*** Opening of EXTRACTED INFORMATION ***

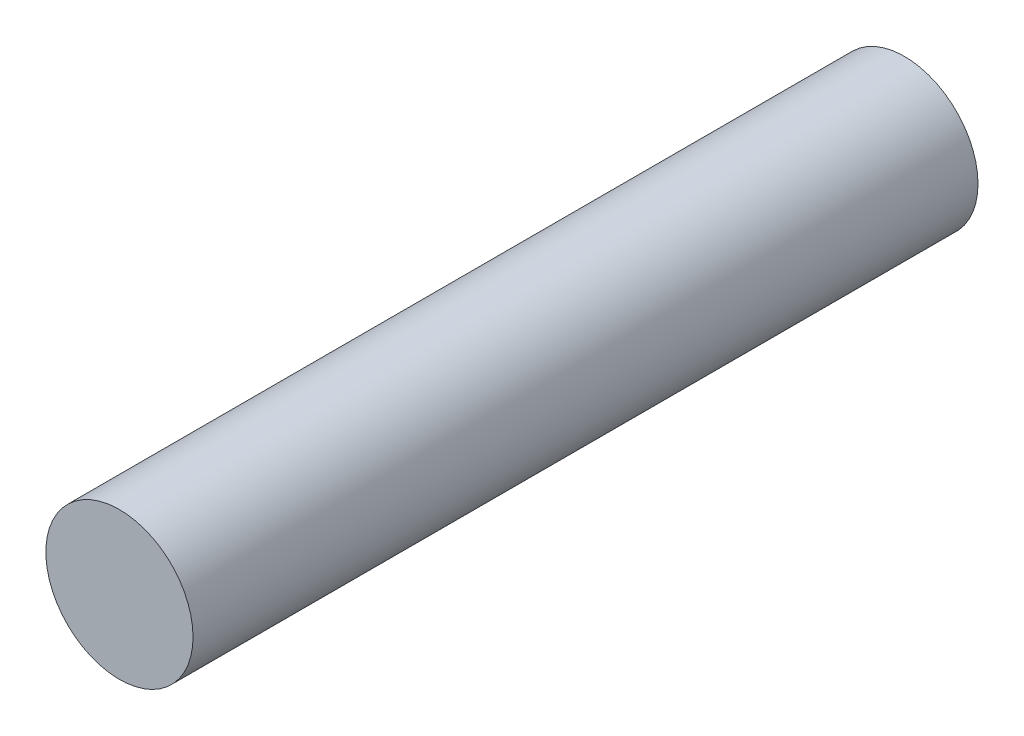
SolidWorks part; units mm, degrees
ref_plane "정면" through (0, 0, 0) normal (0, 0, 1) x (1, 0, 0)
ref_plane "윗면" through (0, 0, 0) normal (0, 1, 0) x (1, 0, 0)
ref_plane "우측면" through (0, 0, 0) normal (1, 0, 0) x (0, 0, -1)
sketch "스케치2" plane through (0, 0, 0) normal (0, 0, 1) x (1, 0, 0)
  circle A0 centre (0, 0) radius 4
  circle A1 centre (0, 0) radius 7.5
  dimension "D1" = 8
  dimension "D2" = 15
extrude "보스-돌출1" add sketch "스케치2" along normal blind 80 contours A1
extrude "컷-돌출1" cut sketch "스케치2<3>" along normal blind 30 contours A0 region at (0, 0, 0)
sketch "스케치2<3>" plane through (0, 0, 0) normal (0, 0, 1) x (1, 0, 0) same geometry as "스케치2"
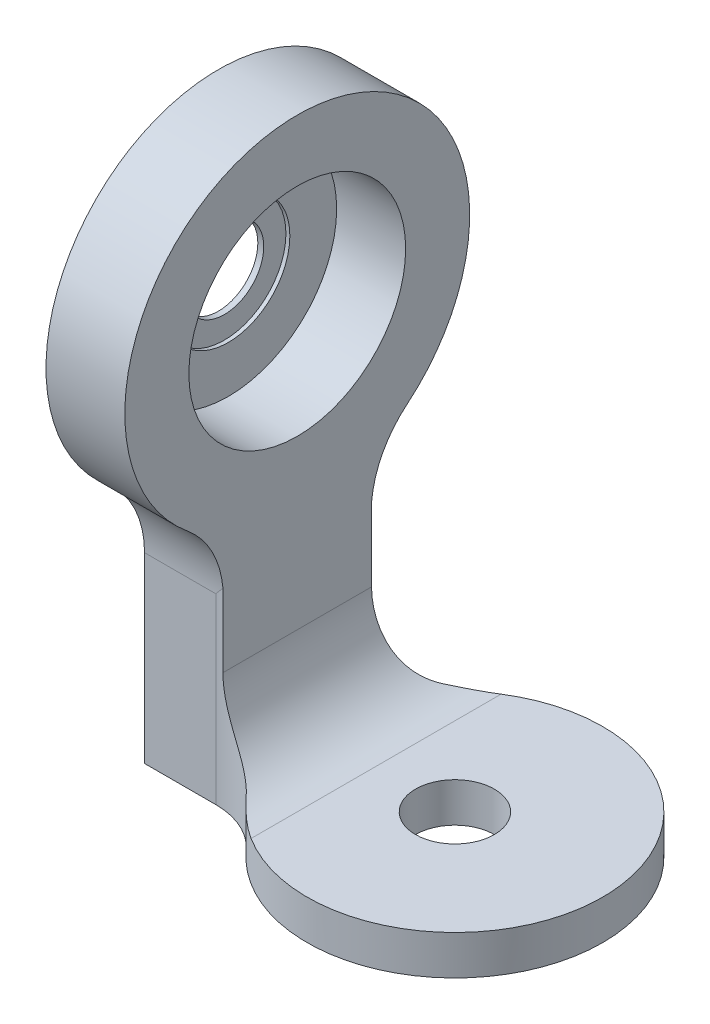
SolidWorks part; units mm, degrees
ref_plane "Front" through (0, 0, 0) normal (0, 0, 1) x (1, 0, 0)
ref_plane "Top" through (0, 0, 0) normal (0, 1, 0) x (1, 0, 0)
ref_plane "Right" through (0, 0, 0) normal (1, 0, 0) x (0, 0, -1)
sketch "草圖1" plane through (0, 0, 0) normal (0, 1, 0) x (1, 0, 0)
  line L0 (-35.8566, 0) -> (35.8566, 0) construction
  line L1 (-24, 7.5) -> (-12.9904, 7.5)
  line L2 (-24, -7.5) -> (-12.9904, -7.5)
  line L3 (-24, 7.5) -> (-24, -7.5)
  circle A0 centre (0, 0) radius 4
  circle A1 centre (0, 0) radius 15
  point P0 (0, 0)
  point P11 (-13.3079, 6.921)
  point P24 (0, 0)
  dimension "D1" = 8
  dimension "D2" = 30
  dimension "D3" = 24
  dimension "D4" = 15
extrude "填料-伸長1" add sketch "草圖1" along normal blind 4 contours L0 L3 L2 A1 | L3 L0 A1 L1 | A1 L0 A0 | L0 A1 A0 region at (0, 0, -6.7236) region at (0, 0, 6.7236) region at (-19.1564, 0, -3.8782) region at (-19.1564, 0, 3.8782)
sketch "草圖2" plane through (0, 4, 0) normal (0, 1, 0) x (1, 0, 0)
  line L1 (-24, 7.5) -> (-17, 7.5)
  line L2 (-24, 7.5) -> (-24, -7.5)
  line L3 (-24, -7.5) -> (-17, -7.5)
  line L4 (-17, 7.5) -> (-17, -7.5)
  line L5 (-26.5539, 0) -> (26.5539, 0) construction
  line L6 (-24, 7.5) -> (-24, -7.5) construction
  line L7 (-24, 7.5) -> (-12.9904, 7.5) construction
  point P7 (-27.1382, 6.9718)
  point P8 (-24, 0)
  point P13 (0, 0)
  dimension "D1" = 7
sketch "草圖4" plane through (-24, 0, 0) normal (-1, 0, 0) x (0, 0, 1)
  line L0 (0, -21.9207) -> (0, 21.9207) construction
  line L4 (-7.5, 23.931) -> (-7.5, 4)
  line L5 (-7.5, 4) -> (7.5, 4)
  line L6 (7.5, 23.931) -> (7.5, 4)
  line L7 (0, 4) -> (0, 39.7424) construction
  line L8 (-7.5, 13.9655) -> (7.5, 13.9655) construction
  circle A0 centre (0, 39.7424) radius 17.5
  point P1 (0, 13.9655)
  point P5 (0, 0)
  point P10 (6.921, 23.931)
  point P11 (0, 42.2693)
  line M4 (7.5, 4) -> (-7.5, 4)
  dimension "D1" = 35
extrude "填料-伸長2" add sketch "草圖4" against normal blind 8 contours A0 | A0 L4 L6 M4 region at (-24, 13.4036, 0) region at (-24, 39.7424, 0)
sketch "草圖3" plane through (-16, 0, 0) normal (-1, 0, 0) x (0, 0, 1)
  line L0 (0, 11.9988) -> (0, -11.9988) construction
  circle A0 centre (0, 40) radius 11
  point P6 (0, 0)
  dimension "D1" = 22
  dimension "D2" = 40
extrude "除料-伸長1" cut sketch "草圖3" along normal blind 7
fillet "圓角5" radius 7.5 2 edges at (-12.9904, 2, 7.5) (-12.9904, 2, -7.5)
fillet "圓角6" radius 10 2 edges at (-20.3853, 23.931, -7.5) (-20.3853, 23.931, 7.5)
fillet "圓角7" radius 8 1 edges at (-16, 4, 0)
sketch "草圖5" plane through (-23, 0, 0) normal (1, 0, 0) x (0, 0, -1)
  circle A0 centre (0, 40) radius 4
  dimension "D1" = 8
extrude "除料-伸長2" cut sketch "草圖5" against normal through all
sketch "草圖6" plane through (-23, 0, 0) normal (1, 0, 0) x (0, 0, -1)
  circle A0 centre (0, 40) radius 6.25
  dimension "D1" = 12.5
extrude "除料-伸長3" cut sketch "草圖6" against normal blind 0.4
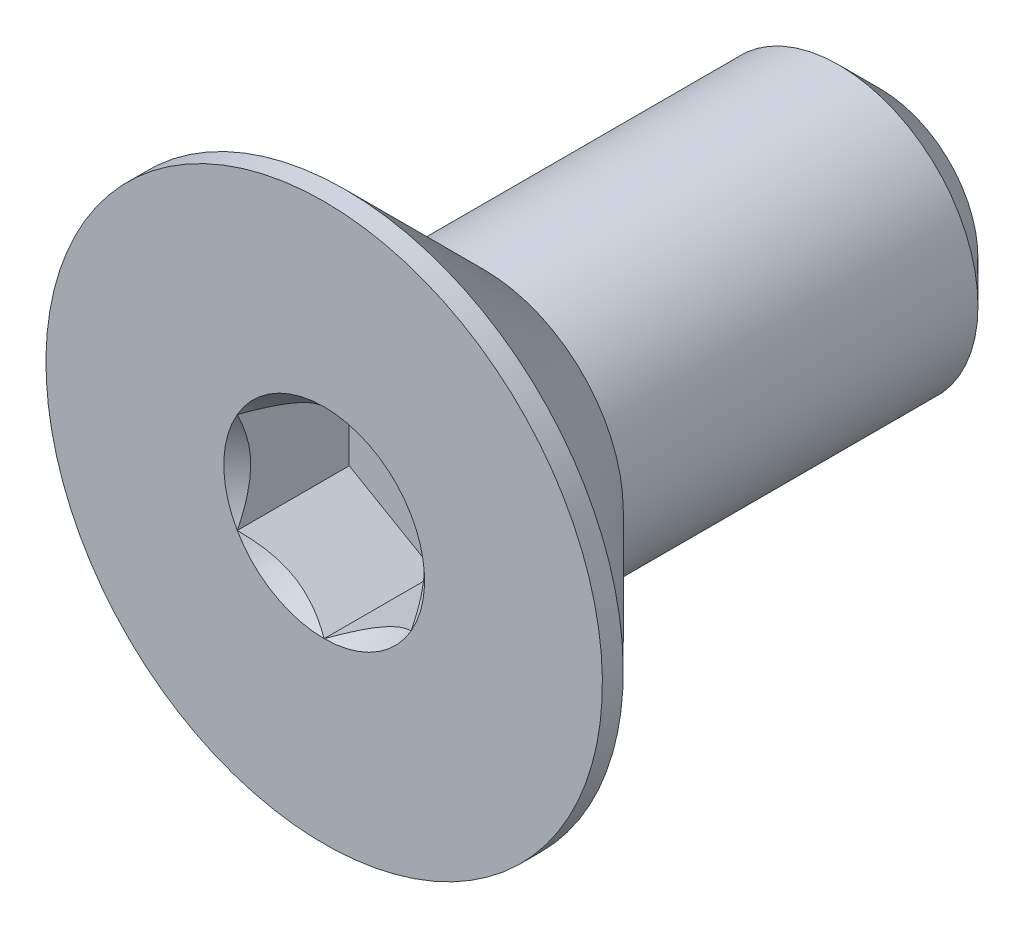
SolidWorks part; units mm, degrees
material "Alloy Steel"
ref_plane "Front" through (0, 0, 0) normal (0, 0, 1) x (1, 0, 0)
ref_plane "Top" through (0, 0, 0) normal (0, 1, 0) x (1, 0, 0)
ref_plane "Right" through (0, 0, 0) normal (1, 0, 0) x (0, 0, -1)
sketch "Sketch1" plane through (0, 0, 0) normal (1, 0, 0) x (0, 0, -1)
  line L0 (-4, 4) -> (-3.7, 4) construction
  line L1 (-3.7, 4) -> (-1.7, 2) construction
  line L2 (-4, 2) -> (4, 2) construction
  line L3 (4, 2) -> (4, 0) construction
  line L4 (4, 0) -> (-4, 0) construction
  line L5 (-4, 0) -> (-4, 4) construction
  line L6 (-4, 4) -> (-4, -4) construction
  line L7 (4, 2) -> (4, -2) construction
  line L8 (-4, -4) -> (-3.7, -4) construction
  line L9 (-3.7, -4) -> (-1.7, -2) construction
  line L11 (-4, 2) -> (-4, 0) construction
  line L12 (-1.7, 2) -> (-1.7, 0) construction
  line L13 (3.9563, 2.0758) -> (4.3063, 1.4696) construction
  line L14 (4.3063, 1.4696) -> (4.6563, 2.0758) construction
  line L15 (4.6563, 2.0758) -> (3.9563, 2.0758) construction
  line L16 (4.3063, 2.0758) -> (4.3063, 2) construction
  line L17 (4.3063, 2) -> (4.3063, 1.5453) construction
  line L18 (4.3063, 1.5453) -> (4.3063, 1.4696) construction
  line L19 (4.3063, 2.0379) -> (4.6344, 2.0379) construction
  line L20 (4.3063, 2.0379) -> (3.9781, 2.0379) construction
  line L21 (4, 2) -> (4.6125, 2) construction
  line L22 (4.2625, 1.5453) -> (4.35, 1.5453) construction
  line L23 (4, -2) -> (-1.7, -2) construction
  point P10 (2.25, -2)
  point P24 (-1.7, 2)
  point P30 (0, 0)
  dimension "Head Diameter" = 8
  dimension "Head Height" = 2.3
  dimension "Length" = 8
  dimension "Countersink Angle" = 90
  dimension "Thread Pitch" = 0.7
  dimension "D2" = 0.0875
  dimension "Minimum Thread Length" = 5.7
  dimension "Thread Size" = 4
  dimension "D1" = 1.75
sketch "Sketch2" plane through (0, 0, 0) normal (0, 0, 1) x (1, 0, 0)
  line L1 (0, 1.4434) -> (-1.25, 0.7217) construction
  line L2 (-1.25, 0.7217) -> (-1.25, -0.7217) construction
  line L3 (-1.25, -0.7217) -> (0, -1.4434) construction
  line L4 (0, -1.4434) -> (1.25, -0.7217) construction
  line L5 (1.25, -0.7217) -> (1.25, 0.7217) construction
  line L6 (1.25, 0.7217) -> (0, 1.4434) construction
  circle A0 centre (0, 0) radius 1.25 construction
  dimension "Drive Size" = 2.5
sketch "Sketch3" plane through (0, 0, 0) normal (1, 0, 0) x (0, 0, -1)
  line L0 (-4, 2) -> (4, 2)
  line L1 (4, 2) -> (4, 0)
  line L2 (4, 0) -> (-4, 0)
  line L3 (-4, 0) -> (-4, 2)
revolve "Revolve1" add sketch "Sketch3" angle 360 about L4
chamfer "Chamfer1" distance 0.6 angle 45 1 edges at (0, 2, -4)
sketch "Sketch6" plane through (0, 0, 0) normal (1, 0, 0) x (0, 0, -1)
  line L0 (-4, 4) -> (-3.7, 4)
  line L1 (-3.7, 4) -> (-1.7, 2)
  line L2 (-1.7, 2) -> (-1.7, 0)
  line L3 (-1.7, 0) -> (-4, 0)
  line L4 (-4, 0) -> (-4, 4)
revolve "Revolve2" add sketch "Sketch6" angle 360 about L4
sketch "Sketch8" plane through (0, 0, 4) normal (0, 0, 1) x (1, 0, 0)
  line L0 (0, 1.4434) -> (-1.25, 0.7217) construction
  line L1 (1.25, 0.7217) -> (0, 1.4434) construction
  line L2 (1.25, -0.7217) -> (1.25, 0.7217) construction
  line L3 (0, -1.4434) -> (1.25, -0.7217) construction
  line L4 (-1.25, 0.7217) -> (-1.25, -0.7217) construction
  line L5 (-1.25, -0.7217) -> (0, -1.4434) construction
  line L6 (0, 1.4434) -> (-1.25, 0.7217)
  line L7 (1.25, 0.7217) -> (0, 1.4434)
  line L8 (1.25, -0.7217) -> (1.25, 0.7217)
  line L9 (0, -1.4434) -> (1.25, -0.7217)
  line L10 (-1.25, 0.7217) -> (-1.25, -0.7217)
  line L11 (-1.25, -0.7217) -> (0, -1.4434)
extrude "Cut-Extrude1" cut sketch "Sketch8" against normal blind 1.61
sketch "Sketch9" plane through (0, 0, 4) normal (0, 0, 1) x (1, 0, 0)
  circle A0 centre (0, 0) radius 1.4434
extrude "Cut-Extrude2" cut sketch "Sketch9" against normal up to next (1.61 mm away) draft 45
ref_plane "Plane1" [suppressed] through (0, 0, 1.7) normal (0, 0, 1) x (1, 0, 0)
split "Split1" [suppressed] bodies to split 124
sketch "Sketch4" [suppressed] plane through (0, 0, -4) normal (0, 0, -1) x (-1, 0, 0)
  circle A0 centre (0, 0) radius 2 construction
  circle A1 centre (0, 0) radius 2
curve "Helix/Spiral1" [suppressed] pitch 0.7 height 6.4 turns 9.1429
sketch "Sketch10" [suppressed] plane through (0, 0, 0) normal (1, 0, 0) x (0, 0, -1)
  line L0 (3.9781, 2.0379) -> (4.6344, 2.0379)
  line L1 (4.6344, 2.0379) -> (4.35, 1.5453)
  line L2 (4.35, 1.5453) -> (4.2625, 1.5453)
  line L3 (4.2625, 1.5453) -> (3.9781, 2.0379)
sweep "Cut-Sweep1" [suppressed] cut profiles "Sketch10" path "Helix/Spiral1"
equation "\"D2@Sketch1\" = \"Thread Pitch@Sketch1\" / 8"
equation "\"D4@Helix/Spiral1\"=\"Thread Pitch@Sketch1\""
equation "\"D3@Helix/Spiral1\"=\"Minimum Thread Length@Sketch1\"+\"Thread Pitch@Sketch1\""
equation "\"D1@Chamfer1\"=\"Thread Size@Sketch1\"*.15"
equation "\"D1@Cut-Extrude1\"=\"Head Height@Sketch1\"*.7"
equation "\"D1@Sketch1\"=\"Thread Pitch@Sketch1\"*2.5"

*** Close of EXTRACTED INFORMATION ***

## INSTRUCTIONS TO FOLLOW:
Give the lines again exactly, beginning with the first line of the records above and ending with the line that contains "circle A1 centre (0, 0) radius 15", and include no pictures.

## RESPONSE AREA:
SolidWorks part; units mm, degrees
ref_plane "정면" through (0, 0, 0) normal (0, 0, 1) x (1, 0, 0)
ref_plane "윗면" through (0, 0, 0) normal (0, 1, 0) x (1, 0, 0)
ref_plane "우측면" through (0, 0, 0) normal (1, 0, 0) x (0, 0, -1)
sketch "스케치2" plane through (0, 0, 0) normal (0, 0, 1) x (1, 0, 0)
  circle A0 centre (0, 0) radius 4
  circle A1 centre (0, 0) radius 7.5
  dimension "D1" = 8
  dimension "D2" = 15
extrude "보스-돌출1" add sketch "스케치2" along normal blind 80 contours A1
extrude "컷-돌출1" cut sketch "스케치2<3>" along normal blind 30 contours A0 region at (0, 0, 0)
sketch "스케치2<3>" plane through (0, 0, 0) normal (0, 0, 1) x (1, 0, 0) same geometry as "스케치2"
SolidWorks part; units mm, degrees
ref_plane "Front" through (0, 0, 0) normal (0, 0, 1) x (1, 0, 0)
ref_plane "Top" through (0, 0, 0) normal (0, 1, 0) x (1, 0, 0)
ref_plane "Right" through (0, 0, 0) normal (1, 0, 0) x (0, 0, -1)
sketch "草圖1" plane through (0, 0, 0) normal (0, 1, 0) x (1, 0, 0)
  line L0 (-35.8566, 0) -> (35.8566, 0) construction
  line L1 (-24, 7.5) -> (-12.9904, 7.5)
  line L2 (-24, -7.5) -> (-12.9904, -7.5)
  line L3 (-24, 7.5) -> (-24, -7.5)
  circle A0 centre (0, 0) radius 4
  circle A1 centre (0, 0) radius 15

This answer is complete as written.